• _What this task involves_
Your task is to repeat the entries underneath exactly, minus the pictures.

= = = = =

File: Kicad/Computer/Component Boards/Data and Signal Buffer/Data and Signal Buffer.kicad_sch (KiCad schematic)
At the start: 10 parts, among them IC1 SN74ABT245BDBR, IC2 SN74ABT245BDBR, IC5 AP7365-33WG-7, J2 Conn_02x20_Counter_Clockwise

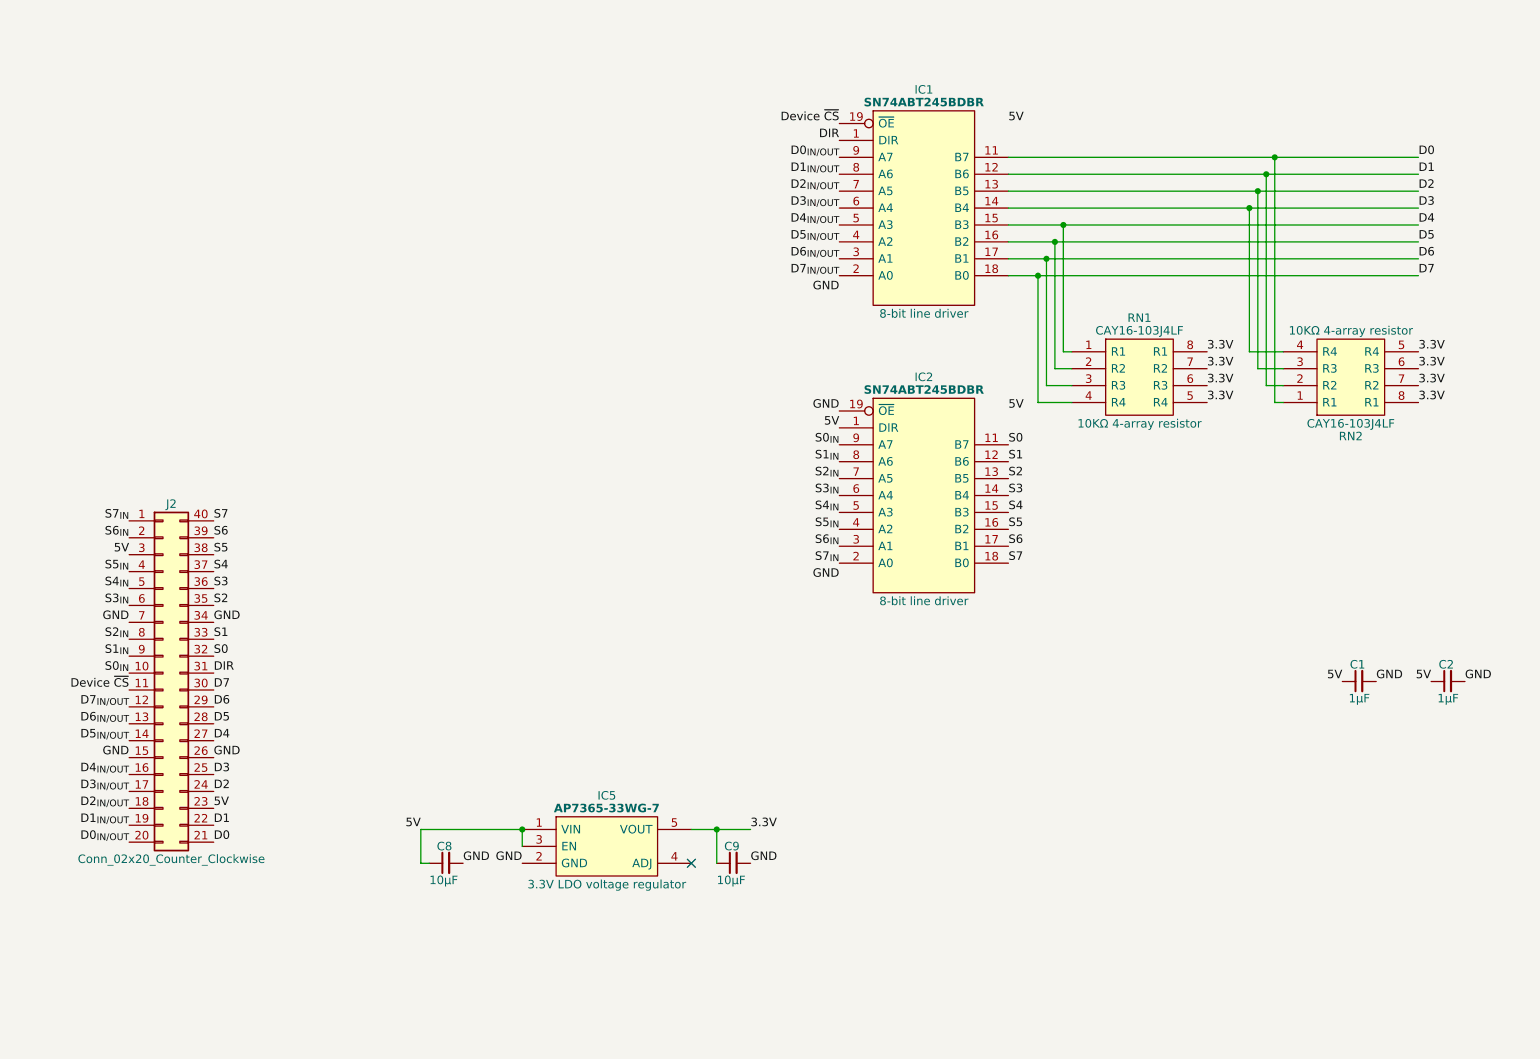
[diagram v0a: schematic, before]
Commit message: Updated the Signal Buffer to be a Data and Signal Buffer.
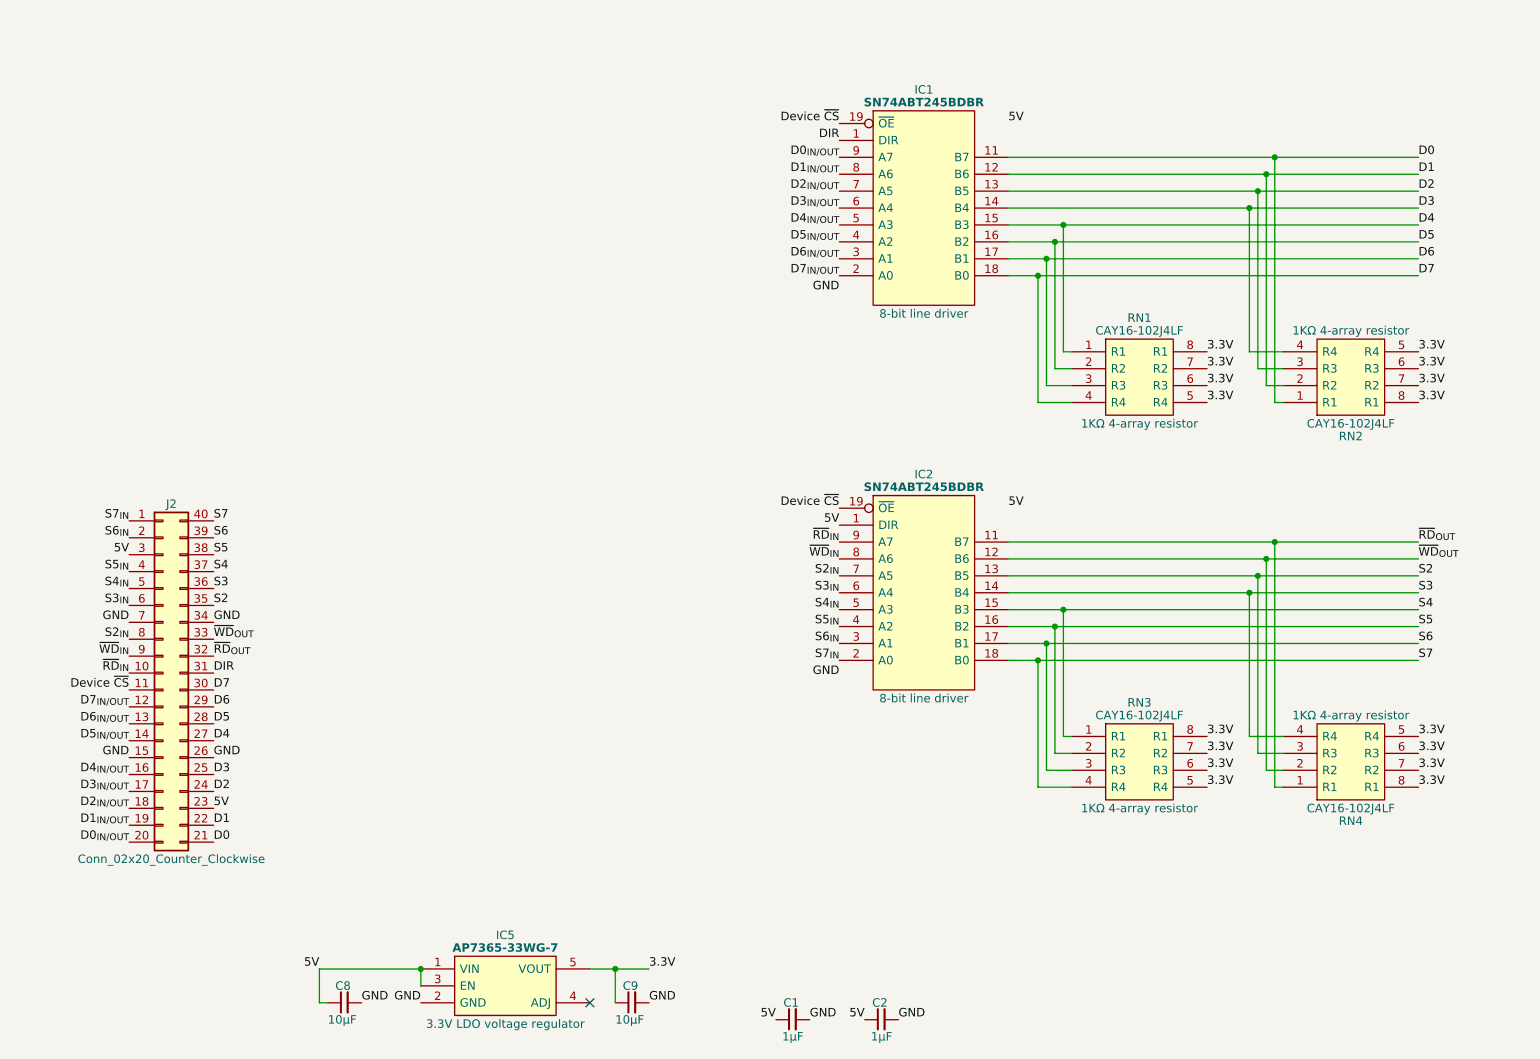
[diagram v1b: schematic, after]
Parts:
- added RN3, RN4: CAY16-102J4LF, SamacSys_Parts:CAY16-J4, symbol Bourns:CAY16-102J4LF
- RN1, RN2: value CAY16-103J4LF -> CAY16-102J4LF; symbol Bourns:CAY16-103J4LF -> Bourns:CAY16-102J4LF; Manufacturer_Part_Number CAY16-103J4LF -> CAY16-102J4LF; Mouser Part Number 652-CAY16-103J4LF -> 652-CAY16-102J4LF; Silkscreen 10KΩ -> 1KΩ
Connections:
- net 3.3V: now also RN3.5 (R4), RN3.6 (R3), RN3.7 (R2), RN3.8 (R1), RN4.5 (R4), RN4.6 (R3), RN4.7 (R2), RN4.8 (R1)
- net Device ~{CS}: now also IC2.19 (~{OE})
- net GND: no longer IC2.19 (~{OE})
- net S2: now also RN4.3 (R3)
- net S3: now also RN4.4 (R4)
- net S4: now also RN3.1 (R1)
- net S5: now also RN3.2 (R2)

= = = = =

• _Output_
File: Kicad/Computer/Component Boards/Data and Signal Buffer/Data and Signal Buffer.kicad_sch (KiCad schematic)
At the start: 10 parts, among them IC1 SN74ABT245BDBR, IC2 SN74ABT245BDBR, IC5 AP7365-33WG-7, J2 Conn_02x20_Counter_Clockwise

[diagram v0a: schematic, before]
Commit message: Updated the Signal Buffer to be a Data and Signal Buffer.
[diagram v1b: schematic, after]
Parts:
- added RN3, RN4: CAY16-102J4LF, SamacSys_Parts:CAY16-J4, symbol Bourns:CAY16-102J4LF
- RN1, RN2: value CAY16-103J4LF -> CAY16-102J4LF; symbol Bourns:CAY16-103J4LF -> Bourns:CAY16-102J4LF; Manufacturer_Part_Number CAY16-103J4LF -> CAY16-102J4LF; Mouser Part Number 652-CAY16-103J4LF -> 652-CAY16-102J4LF; Silkscreen 10KΩ -> 1KΩ
Connections:
- net 3.3V: now also RN3.5 (R4), RN3.6 (R3), RN3.7 (R2), RN3.8 (R1), RN4.5 (R4), RN4.6 (R3), RN4.7 (R2), RN4.8 (R1)
- net Device ~{CS}: now also IC2.19 (~{OE})
- net GND: no longer IC2.19 (~{OE})
- net S2: now also RN4.3 (R3)
- net S3: now also RN4.4 (R4)
- net S4: now also RN3.1 (R1)
- net S5: now also RN3.2 (R2)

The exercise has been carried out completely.